Poster: Large Insert Libraries, Gene Isolation, Etc.
P02_19.html
We have developed a genome-wide physical map of Arabidopsis thaliana Ecotype Columbia from 9,389(8.0 x) BACs and BIBACs using the DNA sequence electrophoresis-based restriction fingerprinting method. Of these clones, 43% are the TAMU and IGF BACs that are used in the international Arabidopsis genome sequencing, and 57% are BIBACs that are plant transformation-competent. Therefore, the map is integrated with the Arabidopsis genome sequence, and has provided a platform for large-scale functional analysis of the genome sequence by genetic transformation and tools to fill in the existing gaps of the Arabidopsis genome sequence. The map consists of 194 BAC/BIBAC contigs and spans 126 Mb in length, estimated to be about 97% of the Arabidopsis genome (130 Mb).

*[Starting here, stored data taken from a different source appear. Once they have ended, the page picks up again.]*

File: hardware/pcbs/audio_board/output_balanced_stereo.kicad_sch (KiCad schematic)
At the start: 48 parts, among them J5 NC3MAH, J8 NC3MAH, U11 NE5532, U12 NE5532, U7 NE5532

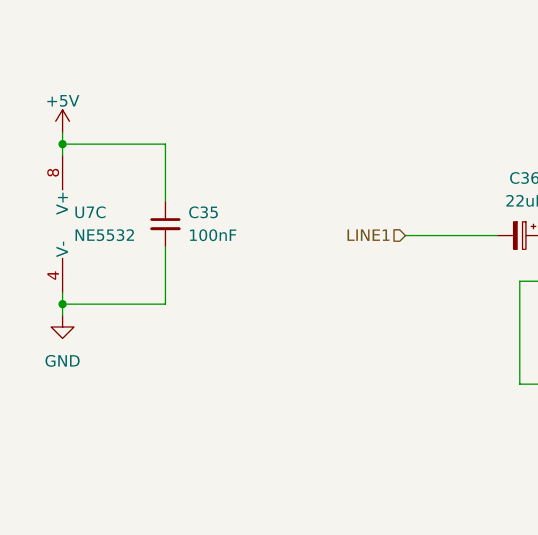
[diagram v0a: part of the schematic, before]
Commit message: audio_board: Rework for DECT plug-in module
Redesigned the DECT area to accept a daughterboard with whatever DECT
module ends up working. Added more holes and silkscreen to make the
board neater.
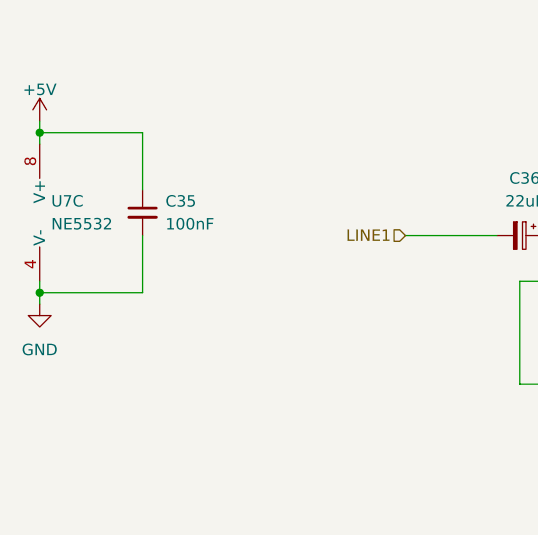
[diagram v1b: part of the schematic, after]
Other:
- moved on the sheet: C35, U7C
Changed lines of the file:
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@@
 	)
 	(junction
-		(at 35.56 39.37)
+		(at 33.02 38.1)
 		(diameter 0)
 		(color 0 0 0 0)
@@
 	)
 	(junction
-		(at 35.56 57.15)
+		(at 33.02 55.88)
 		(diameter 0)
 		(color 0 0 0 0)
@@
 	(wire
 		(pts
-			(xy 35.56 40.64) (xy 35.56 39.37)
+			(xy 33.02 39.37) (xy 33.02 38.1)
 		)
 		(stroke
@@
 	(wire
 		(pts
-			(xy 46.99 39.37) (xy 46.99 45.72)
+			(xy 44.45 38.1) (xy 44.45 44.45)
 		)
 		(stroke
@@
 	(wire
 		(pts
-			(xy 35.56 55.88) (xy 35.56 57.15)
+			(xy 33.02 54.61) (xy 33.02 55.88)
 		)
 		(stroke
@@
 	(wire
 		(pts
-			(xy 35.56 38.1) (xy 35.56 39.37)
+			(xy 33.02 36.83) (xy 33.02 38.1)
 		)
 		(stroke
@@
 	(wire
 		(pts
-			(xy 35.56 57.15) (xy 46.99 57.15)
+			(xy 33.02 55.88) (xy 44.45 55.88)
 		)
 		(stroke
@@
 	(wire
 		(pts
-			(xy 46.99 50.8) (xy 46.99 57.15)
+			(xy 44.45 49.53) (xy 44.45 55.88)
 		)
 		(stroke
@@
 	(wire
 		(pts
-			(xy 35.56 39.37) (xy 46.99 39.37)
+			(xy 33.02 38.1) (xy 44.45 38.1)
 		)
 		(stroke
@@
 	(wire
 		(pts
-			(xy 35.56 58.42) (xy 35.56 57.15)
+			(xy 33.02 57.15) (xy 33.02 55.88)
 		)
 		(stroke
@@
 	(symbol
 		(lib_id "power:+5V")
-		(at 35.56 38.1 0)
+		(at 33.02 36.83 0)
 		(unit 1)
 		(exclude_from_sim no)
@@
 		(fields_autoplaced yes)
 		(property "Reference" "#PWR028"
-			(at 35.56 41.91 0)
+			(at 33.02 40.64 0)
 			(effects
 				(font
@@
 		)
 		(property "Value" "+5V"
-			(at 35.56 34.5981 0)
+			(at 33.02 33.3281 0)
 			(effects
 				(font
@@
 		)
 		(property "Footprint" ""
-			(at 35.56 38.1 0)
+			(at 33.02 36.83 0)
 			(effects
 				(font
@@
 		)
 		(property "Datasheet" ""
-			(at 35.56 38.1 0)
+			(at 33.02 36.83 0)
 			(effects
 				(font
@@
 		)
 		(property "Description" ""
-			(at 35.56 38.1 0)
+			(at 33.02 36.83 0)
 			(effects
 				(font
@@
 	(symbol
 		(lib_id "power:GND")
-		(at 35.56 58.42 0)
+		(at 33.02 57.15 0)
 		(unit 1)
 		(exclude_from_sim no)
@@
 		(fields_autoplaced yes)
 		(property "Reference" "#PWR026"
-			(at 35.56 64.77 0)
+			(at 33.02 63.5 0)
 			(effects
 				(font
@@
 		)
 		(property "Value" "GND"
-			(at 35.56 63.5 0)
+			(at 33.02 62.23 0)
 			(effects
 				(font
@@
 		)
 		(property "Footprint" ""
-			(at 35.56 58.42 0)
+			(at 33.02 57.15 0)
 			(effects
 				(font
@@
 		)
 		(property "Datasheet" ""
-			(at 35.56 58.42 0)
+			(at 33.02 57.15 0)
 			(effects
 				(font
@@
 		)
 		(property "Description" "Power symbol creates a global label with name \"GND\" , ground"
-			(at 35.56 58.42 0)
+			(at 33.02 57.15 0)
 			(effects
 				(font
@@
 	(symbol
 		(lib_id "Device:C_Small")
-		(at 46.99 48.26 0)
+		(at 44.45 46.99 0)
 		(unit 1)
 		(exclude_from_sim no)
@@
 		(fields_autoplaced yes)
 		(property "Reference" "C35"
-			(at 49.53 46.9962 0)
+			(at 46.99 45.7262 0)
 			(effects
 				(font
@@
 		)
 		(property "Value" "100nF"
-			(at 49.53 49.5362 0)
+			(at 46.99 48.2662 0)
 			(effects
 				(font
@@
 		)
 		(property "Footprint" "Capacitor_SMD:C_0603_1608Metric"
-			(at 46.99 48.26 0)
+			(at 44.45 46.99 0)
 			(effects
 				(font
@@
 		)
 		(property "Datasheet" "~"
-			(at 46.99 48.26 0)
+			(at 44.45 46.99 0)
 			(effects
 				(font
@@
 		)
 		(property "Description" "Unpolarized capacitor, small symbol"
-			(at 46.99 48.26 0)
+			(at 44.45 46.99 0)
 			(effects
 				(font
@@
 		)
 		(property "LCSC" "C14663"
-			(at 46.99 48.26 0)
+			(at 44.45 46.99 0)
 			(effects
 				(font
@@
 		)
 		(property "MPN" "885012206046"
-			(at 46.99 48.26 0)
+			(at 44.45 46.99 0)
 			(effects
 				(font
@@
 	(symbol
 		(lib_id "Amplifier_Operational:NE5532")
-		(at 38.1 48.26 0)
+		(at 35.56 46.99 0)
 		(unit 3)
 		(exclude_from_sim no)
@@
 		(fields_autoplaced yes)
 		(property "Reference" "U7"
-			(at 36.83 46.9899 0)
+			(at 34.29 45.7199 0)
 			(effects
 				(font
@@
 		)
 		(property "Value" "NE5532"
-			(at 36.83 49.5299 0)
+			(at 34.29 48.2599 0)
 			(effects
 				(font
@@
 		)
 		(property "Footprint" "Package_SO:SOIC-8_3.9x4.9mm_P1.27mm"
-			(at 38.1 48.26 0)
+			(at 35.56 46.99 0)
 			(effects
 				(font
@@
 		)
 		(property "Datasheet" "http://www.ti.com/lit/ds/symlink/ne5532.pdf"
-			(at 38.1 48.26 0)
+			(at 35.56 46.99 0)
 			(effects
 				(font
@@
 		)
 		(property "Description" "Dual Low-Noise Operational Amplifiers, DIP-8/SOIC-8"
-			(at 38.1 48.26 0)
+			(at 35.56 46.99 0)
 			(effects
 				(font
@@
 		)
 		(property "LCSC" "C7426"
-			(at 38.1 48.26 0)
+			(at 35.56 46.99 0)
 			(effects
 				(font
@@
 		)
 		(property "MPN" ""
-			(at 38.1 48.26 0)
+			(at 35.56 46.99 0)
 			(effects
 				(font

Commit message: audio_board, power_board: update shop and part links
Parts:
- C24, C25, C50, C51: Part (none) -> C 100pF 16V 0603
- C35, C47, C49, C56, C58: Part (none) -> C 100nF 16V 0603
- C36, C44, C46, C52, C53, C54: Part (none) -> C 22uF 16V 0805
- C48, C57: Part (none) -> C 10μ 16V 0805
- J5, J8: Part (none) -> NC3MAH; Shop (none) -> https://eu.mouser.com/ProductDetail/568-NC3MAH
- R23, R44: Part (none) -> R 6.81kΩ 0603
- R27, R29, R30, R35, R41, R42, R45, R46, R47, R52, R57, R58: Part (none) -> R 10kΩ 0603
- R31, R32, R36, R43, R48, R49, R56, R61: Part (none) -> R 22kΩ 0603
- R33, R34, R50, R51: Part (none) -> R 47Ω 0603
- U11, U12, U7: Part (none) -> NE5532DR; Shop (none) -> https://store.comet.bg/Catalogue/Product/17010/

Studies indicated that the contigs of the map are almost completely consistent with those that are sequenced by the international Arabidospsis genome sequencing consortium and the Arabidopsis IGF map in terms of the content and order of clones in the contigs. We also mapped 77 DNA markers and 9 genes that were previously located to the genetic map. All positive clones of each marker or gene were found to be members of a single contig. These results have further demonstrated the BAC/BIBAC-based physical map developed by this method is accurate and reliable. Furthermore, we have located 120 of the 194 contigs on the five chromosomes of Arabidopsis. Additionally, preliminary studies showed that about 2/3 of the existing gaps of the Arabidopsis genome sequence could be filled with the BAC/BIBAC contigs of the map.